ABOUT THIS EXERCISE: Would you please copy each line of the data in which the string "been" occurs?

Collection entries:
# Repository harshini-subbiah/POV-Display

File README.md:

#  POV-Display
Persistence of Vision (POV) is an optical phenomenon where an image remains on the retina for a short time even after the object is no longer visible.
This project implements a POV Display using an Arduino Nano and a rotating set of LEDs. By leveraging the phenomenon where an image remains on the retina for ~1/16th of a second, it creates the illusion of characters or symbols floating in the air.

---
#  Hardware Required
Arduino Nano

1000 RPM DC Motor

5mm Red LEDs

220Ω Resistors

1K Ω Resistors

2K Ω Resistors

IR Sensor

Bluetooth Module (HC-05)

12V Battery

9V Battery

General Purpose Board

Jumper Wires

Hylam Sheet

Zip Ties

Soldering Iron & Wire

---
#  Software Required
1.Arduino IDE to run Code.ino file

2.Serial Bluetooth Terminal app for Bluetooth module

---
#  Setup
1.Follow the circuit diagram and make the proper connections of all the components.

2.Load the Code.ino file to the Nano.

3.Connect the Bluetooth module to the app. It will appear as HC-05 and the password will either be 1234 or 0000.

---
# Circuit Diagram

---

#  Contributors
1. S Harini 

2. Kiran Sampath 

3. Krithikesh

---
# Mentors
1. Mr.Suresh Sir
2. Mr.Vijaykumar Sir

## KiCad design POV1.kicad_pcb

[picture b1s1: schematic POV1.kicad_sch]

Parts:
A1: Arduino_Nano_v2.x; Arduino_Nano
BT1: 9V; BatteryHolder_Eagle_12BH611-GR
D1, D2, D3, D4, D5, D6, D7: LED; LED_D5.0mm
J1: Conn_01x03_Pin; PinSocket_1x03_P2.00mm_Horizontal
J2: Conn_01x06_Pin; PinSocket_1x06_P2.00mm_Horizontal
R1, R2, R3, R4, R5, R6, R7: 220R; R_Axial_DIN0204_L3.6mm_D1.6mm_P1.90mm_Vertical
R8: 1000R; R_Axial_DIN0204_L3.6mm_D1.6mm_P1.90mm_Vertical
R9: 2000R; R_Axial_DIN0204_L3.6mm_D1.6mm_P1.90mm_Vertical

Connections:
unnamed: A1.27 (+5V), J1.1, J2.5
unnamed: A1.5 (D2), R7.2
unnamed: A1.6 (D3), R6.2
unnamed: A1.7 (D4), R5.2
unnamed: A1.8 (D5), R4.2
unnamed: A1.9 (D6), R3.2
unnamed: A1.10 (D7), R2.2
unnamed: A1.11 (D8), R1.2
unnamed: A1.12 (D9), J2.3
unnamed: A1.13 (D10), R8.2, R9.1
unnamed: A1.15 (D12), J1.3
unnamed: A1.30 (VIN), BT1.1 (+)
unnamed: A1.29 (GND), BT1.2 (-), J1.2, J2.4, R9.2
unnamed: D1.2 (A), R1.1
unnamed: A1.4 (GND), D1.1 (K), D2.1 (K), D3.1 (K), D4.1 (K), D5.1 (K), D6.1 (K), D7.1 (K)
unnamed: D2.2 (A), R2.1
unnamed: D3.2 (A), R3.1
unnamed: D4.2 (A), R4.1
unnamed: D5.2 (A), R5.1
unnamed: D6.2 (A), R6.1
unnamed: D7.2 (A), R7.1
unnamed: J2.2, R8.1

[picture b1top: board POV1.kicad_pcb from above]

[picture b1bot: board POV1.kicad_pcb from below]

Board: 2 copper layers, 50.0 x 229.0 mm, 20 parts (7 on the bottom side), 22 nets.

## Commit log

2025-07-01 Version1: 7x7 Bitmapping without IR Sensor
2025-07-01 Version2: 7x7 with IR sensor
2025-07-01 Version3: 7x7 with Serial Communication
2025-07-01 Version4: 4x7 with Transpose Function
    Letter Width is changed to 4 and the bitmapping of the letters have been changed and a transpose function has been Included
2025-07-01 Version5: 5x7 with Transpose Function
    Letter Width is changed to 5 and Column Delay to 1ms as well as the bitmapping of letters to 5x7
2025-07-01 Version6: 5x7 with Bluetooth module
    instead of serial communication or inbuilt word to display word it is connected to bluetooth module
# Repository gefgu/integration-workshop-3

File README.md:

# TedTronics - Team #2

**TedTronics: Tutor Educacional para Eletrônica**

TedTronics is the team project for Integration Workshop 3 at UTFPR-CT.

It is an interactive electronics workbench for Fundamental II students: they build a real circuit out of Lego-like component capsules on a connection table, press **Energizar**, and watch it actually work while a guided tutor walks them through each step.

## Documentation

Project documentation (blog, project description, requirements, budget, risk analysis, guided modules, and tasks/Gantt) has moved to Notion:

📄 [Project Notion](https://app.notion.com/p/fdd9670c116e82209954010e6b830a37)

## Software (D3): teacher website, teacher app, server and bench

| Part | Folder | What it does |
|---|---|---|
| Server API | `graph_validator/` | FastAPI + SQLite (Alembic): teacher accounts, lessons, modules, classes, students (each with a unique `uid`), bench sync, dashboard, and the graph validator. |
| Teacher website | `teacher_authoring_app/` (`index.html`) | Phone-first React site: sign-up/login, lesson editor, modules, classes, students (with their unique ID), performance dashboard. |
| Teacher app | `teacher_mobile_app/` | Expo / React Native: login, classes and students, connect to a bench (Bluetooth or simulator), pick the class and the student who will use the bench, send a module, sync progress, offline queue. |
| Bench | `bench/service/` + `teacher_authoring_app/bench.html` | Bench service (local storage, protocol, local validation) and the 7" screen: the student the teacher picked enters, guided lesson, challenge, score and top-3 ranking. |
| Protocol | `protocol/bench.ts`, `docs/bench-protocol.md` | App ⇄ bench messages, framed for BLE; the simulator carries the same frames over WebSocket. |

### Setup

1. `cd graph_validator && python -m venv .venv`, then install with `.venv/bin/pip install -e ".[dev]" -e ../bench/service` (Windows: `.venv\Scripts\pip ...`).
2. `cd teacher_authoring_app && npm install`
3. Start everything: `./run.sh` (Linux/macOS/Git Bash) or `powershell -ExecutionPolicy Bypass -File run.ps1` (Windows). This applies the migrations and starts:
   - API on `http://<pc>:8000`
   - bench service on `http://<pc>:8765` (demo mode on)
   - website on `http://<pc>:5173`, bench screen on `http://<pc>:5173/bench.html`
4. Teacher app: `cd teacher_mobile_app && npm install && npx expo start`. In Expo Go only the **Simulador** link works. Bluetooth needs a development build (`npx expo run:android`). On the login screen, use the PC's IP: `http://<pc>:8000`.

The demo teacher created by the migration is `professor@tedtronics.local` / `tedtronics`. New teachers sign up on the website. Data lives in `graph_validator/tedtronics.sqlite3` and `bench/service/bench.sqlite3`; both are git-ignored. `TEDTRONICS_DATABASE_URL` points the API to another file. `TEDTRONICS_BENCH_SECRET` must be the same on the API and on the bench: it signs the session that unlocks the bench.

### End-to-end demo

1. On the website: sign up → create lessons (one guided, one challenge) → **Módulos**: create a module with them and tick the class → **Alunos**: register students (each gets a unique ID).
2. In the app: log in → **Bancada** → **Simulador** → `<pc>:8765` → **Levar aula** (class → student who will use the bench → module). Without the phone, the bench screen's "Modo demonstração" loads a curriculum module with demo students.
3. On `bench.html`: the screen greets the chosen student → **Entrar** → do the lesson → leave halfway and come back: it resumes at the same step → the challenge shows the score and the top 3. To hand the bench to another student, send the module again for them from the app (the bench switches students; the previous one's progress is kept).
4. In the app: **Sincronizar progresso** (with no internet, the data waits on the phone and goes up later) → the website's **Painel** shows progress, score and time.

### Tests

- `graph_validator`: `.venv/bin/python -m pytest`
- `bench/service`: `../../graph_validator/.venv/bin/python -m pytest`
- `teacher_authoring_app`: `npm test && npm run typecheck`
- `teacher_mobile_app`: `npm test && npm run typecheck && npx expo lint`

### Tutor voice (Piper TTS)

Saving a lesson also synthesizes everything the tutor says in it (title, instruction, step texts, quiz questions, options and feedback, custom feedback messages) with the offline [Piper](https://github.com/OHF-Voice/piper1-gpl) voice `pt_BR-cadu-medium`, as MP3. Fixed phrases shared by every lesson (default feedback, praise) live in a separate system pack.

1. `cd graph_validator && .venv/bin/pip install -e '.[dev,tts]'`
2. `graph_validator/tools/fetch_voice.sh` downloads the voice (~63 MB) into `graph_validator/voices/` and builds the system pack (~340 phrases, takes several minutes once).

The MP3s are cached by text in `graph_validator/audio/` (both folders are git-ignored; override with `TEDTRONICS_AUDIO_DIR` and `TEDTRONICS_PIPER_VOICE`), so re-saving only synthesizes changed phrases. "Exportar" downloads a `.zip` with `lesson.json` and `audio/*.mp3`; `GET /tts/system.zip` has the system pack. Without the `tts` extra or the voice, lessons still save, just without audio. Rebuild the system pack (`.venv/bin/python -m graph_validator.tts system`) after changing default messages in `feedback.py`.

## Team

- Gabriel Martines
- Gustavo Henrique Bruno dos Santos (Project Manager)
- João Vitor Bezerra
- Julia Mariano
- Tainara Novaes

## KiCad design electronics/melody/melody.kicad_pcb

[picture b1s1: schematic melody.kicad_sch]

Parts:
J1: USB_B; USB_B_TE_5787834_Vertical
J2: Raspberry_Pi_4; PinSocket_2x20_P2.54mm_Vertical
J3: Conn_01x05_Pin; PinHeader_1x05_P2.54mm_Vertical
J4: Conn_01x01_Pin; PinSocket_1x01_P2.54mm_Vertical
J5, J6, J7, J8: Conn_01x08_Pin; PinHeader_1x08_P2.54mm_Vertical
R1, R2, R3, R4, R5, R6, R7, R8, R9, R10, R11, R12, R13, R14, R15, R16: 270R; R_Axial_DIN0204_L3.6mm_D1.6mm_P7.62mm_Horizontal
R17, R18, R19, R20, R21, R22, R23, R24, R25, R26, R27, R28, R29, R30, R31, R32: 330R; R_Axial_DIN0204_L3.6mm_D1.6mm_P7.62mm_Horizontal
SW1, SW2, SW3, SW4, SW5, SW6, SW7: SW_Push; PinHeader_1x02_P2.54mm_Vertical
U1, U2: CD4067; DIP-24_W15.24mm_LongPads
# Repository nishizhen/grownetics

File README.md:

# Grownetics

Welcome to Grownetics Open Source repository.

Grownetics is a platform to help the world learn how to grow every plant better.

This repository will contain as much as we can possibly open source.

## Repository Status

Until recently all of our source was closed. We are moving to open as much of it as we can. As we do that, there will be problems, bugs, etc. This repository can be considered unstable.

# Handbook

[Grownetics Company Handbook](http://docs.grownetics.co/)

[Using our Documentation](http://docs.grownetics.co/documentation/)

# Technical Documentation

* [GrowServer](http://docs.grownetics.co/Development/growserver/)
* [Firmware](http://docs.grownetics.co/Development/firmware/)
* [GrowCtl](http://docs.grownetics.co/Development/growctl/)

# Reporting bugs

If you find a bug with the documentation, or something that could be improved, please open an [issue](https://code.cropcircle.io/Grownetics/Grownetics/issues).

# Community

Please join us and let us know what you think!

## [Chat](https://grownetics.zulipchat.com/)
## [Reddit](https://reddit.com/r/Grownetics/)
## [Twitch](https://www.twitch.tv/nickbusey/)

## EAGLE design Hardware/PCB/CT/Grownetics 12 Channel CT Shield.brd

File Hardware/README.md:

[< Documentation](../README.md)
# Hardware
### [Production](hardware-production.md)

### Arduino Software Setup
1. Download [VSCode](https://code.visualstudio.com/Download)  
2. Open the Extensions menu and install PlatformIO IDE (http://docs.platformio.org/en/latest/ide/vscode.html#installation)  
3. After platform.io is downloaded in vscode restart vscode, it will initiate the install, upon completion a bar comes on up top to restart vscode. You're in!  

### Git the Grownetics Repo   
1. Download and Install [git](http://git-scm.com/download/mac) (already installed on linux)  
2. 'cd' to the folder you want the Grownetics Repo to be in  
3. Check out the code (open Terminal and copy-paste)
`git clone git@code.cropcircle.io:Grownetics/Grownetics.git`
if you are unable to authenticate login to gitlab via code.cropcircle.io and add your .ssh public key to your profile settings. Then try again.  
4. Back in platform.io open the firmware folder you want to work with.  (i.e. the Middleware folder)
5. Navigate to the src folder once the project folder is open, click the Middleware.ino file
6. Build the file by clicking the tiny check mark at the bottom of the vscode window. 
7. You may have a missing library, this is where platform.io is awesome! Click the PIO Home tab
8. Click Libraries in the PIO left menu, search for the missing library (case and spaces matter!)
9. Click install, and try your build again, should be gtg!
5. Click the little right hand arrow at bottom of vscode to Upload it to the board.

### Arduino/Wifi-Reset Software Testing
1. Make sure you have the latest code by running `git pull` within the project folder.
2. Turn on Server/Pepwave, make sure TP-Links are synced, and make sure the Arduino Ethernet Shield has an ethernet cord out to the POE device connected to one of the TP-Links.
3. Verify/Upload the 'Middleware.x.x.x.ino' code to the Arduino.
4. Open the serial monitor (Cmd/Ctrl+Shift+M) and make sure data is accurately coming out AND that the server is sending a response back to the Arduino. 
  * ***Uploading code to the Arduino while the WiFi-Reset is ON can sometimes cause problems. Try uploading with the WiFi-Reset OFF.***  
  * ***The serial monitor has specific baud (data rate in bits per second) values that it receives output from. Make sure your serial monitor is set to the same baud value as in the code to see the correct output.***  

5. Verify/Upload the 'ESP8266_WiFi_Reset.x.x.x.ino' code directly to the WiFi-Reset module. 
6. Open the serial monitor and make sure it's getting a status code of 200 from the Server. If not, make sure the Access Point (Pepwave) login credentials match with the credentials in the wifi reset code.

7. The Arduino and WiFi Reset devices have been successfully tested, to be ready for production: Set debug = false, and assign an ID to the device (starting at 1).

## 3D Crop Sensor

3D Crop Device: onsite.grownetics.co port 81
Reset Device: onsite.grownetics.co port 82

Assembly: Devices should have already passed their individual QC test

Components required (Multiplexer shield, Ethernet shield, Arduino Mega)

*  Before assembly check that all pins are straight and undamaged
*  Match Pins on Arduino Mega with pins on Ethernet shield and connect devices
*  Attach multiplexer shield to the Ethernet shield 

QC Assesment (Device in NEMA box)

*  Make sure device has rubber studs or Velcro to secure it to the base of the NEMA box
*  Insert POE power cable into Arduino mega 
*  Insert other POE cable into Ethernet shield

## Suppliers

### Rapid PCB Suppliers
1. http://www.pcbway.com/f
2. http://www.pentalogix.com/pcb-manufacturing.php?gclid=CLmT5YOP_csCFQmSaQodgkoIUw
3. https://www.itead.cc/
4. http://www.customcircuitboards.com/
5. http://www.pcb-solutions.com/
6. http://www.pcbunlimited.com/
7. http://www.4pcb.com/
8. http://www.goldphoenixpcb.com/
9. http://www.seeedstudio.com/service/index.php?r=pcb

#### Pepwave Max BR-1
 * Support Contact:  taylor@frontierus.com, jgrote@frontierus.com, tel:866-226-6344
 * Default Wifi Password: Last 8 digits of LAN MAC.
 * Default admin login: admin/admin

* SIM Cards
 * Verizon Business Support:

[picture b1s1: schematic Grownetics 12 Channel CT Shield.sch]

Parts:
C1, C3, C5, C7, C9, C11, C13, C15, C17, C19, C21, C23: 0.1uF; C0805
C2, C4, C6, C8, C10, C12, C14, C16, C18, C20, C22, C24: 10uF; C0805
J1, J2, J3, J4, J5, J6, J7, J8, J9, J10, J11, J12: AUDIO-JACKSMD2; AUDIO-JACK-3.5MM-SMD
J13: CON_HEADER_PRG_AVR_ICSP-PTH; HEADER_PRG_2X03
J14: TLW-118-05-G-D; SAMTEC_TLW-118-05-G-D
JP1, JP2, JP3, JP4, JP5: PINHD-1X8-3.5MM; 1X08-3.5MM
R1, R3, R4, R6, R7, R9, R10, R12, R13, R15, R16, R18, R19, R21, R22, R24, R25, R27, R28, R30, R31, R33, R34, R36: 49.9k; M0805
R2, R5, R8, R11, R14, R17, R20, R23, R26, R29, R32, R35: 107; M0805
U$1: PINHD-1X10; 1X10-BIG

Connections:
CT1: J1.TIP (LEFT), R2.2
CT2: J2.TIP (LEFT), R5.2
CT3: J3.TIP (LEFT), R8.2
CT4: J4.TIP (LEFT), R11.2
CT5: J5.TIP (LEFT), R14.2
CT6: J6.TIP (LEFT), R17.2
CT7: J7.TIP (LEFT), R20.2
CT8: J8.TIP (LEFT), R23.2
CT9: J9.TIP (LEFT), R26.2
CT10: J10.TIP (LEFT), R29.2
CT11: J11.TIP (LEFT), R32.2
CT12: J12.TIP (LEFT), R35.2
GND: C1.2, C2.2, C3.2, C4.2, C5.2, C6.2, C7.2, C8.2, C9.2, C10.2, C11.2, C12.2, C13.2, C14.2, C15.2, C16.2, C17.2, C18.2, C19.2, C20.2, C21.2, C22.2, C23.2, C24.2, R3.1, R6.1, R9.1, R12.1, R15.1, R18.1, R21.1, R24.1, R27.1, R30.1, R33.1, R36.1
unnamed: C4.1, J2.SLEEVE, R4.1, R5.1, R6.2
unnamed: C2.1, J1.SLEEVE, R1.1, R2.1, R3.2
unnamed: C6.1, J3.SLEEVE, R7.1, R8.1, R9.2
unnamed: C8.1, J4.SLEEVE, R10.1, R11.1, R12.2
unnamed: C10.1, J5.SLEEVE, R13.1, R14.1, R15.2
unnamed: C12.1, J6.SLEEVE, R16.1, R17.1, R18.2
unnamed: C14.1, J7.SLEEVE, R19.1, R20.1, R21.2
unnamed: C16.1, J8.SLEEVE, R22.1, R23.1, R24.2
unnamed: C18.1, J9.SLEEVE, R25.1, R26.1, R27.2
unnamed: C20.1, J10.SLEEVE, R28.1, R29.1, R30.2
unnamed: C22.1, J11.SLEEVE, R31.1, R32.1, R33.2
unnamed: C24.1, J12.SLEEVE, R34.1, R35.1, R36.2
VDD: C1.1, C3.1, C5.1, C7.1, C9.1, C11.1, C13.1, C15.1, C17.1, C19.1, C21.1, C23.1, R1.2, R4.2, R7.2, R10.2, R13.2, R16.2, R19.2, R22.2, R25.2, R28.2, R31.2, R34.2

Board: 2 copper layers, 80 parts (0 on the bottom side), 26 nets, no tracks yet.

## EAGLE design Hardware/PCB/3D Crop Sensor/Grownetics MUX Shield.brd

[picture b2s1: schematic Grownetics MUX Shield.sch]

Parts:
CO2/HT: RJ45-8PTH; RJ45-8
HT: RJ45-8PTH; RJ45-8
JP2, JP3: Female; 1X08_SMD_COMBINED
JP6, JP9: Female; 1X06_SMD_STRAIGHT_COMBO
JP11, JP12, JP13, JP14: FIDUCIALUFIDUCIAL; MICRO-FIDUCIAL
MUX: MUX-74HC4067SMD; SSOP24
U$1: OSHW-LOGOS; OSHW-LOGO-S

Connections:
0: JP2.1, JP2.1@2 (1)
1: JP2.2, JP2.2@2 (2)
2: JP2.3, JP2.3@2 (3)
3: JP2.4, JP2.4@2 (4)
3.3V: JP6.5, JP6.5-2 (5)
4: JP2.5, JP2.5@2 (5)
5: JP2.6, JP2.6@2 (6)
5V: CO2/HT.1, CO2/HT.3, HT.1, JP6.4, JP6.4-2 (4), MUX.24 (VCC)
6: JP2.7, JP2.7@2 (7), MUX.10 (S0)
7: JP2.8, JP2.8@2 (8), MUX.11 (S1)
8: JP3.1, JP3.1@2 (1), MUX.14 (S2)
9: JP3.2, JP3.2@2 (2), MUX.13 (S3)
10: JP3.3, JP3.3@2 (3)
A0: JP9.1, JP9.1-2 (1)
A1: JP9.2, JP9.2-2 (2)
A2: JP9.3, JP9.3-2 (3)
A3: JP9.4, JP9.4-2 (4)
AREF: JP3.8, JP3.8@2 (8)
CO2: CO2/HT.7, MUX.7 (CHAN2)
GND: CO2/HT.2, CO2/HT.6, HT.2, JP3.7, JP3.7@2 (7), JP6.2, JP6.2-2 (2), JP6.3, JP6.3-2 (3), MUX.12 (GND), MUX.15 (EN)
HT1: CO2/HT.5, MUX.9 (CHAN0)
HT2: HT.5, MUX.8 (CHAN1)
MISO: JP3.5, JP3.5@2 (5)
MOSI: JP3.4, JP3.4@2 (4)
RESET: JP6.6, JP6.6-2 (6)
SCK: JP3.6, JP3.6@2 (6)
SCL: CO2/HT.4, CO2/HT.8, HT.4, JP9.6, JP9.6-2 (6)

RESPONSE AREA:
    Letter Width is changed to 4 and the bitmapping of the letters have been changed and a transpose function has been Included
7. The Arduino and WiFi Reset devices have been successfully tested, to be ready for production: Set debug = false, and assign an ID to the device (starting at 1).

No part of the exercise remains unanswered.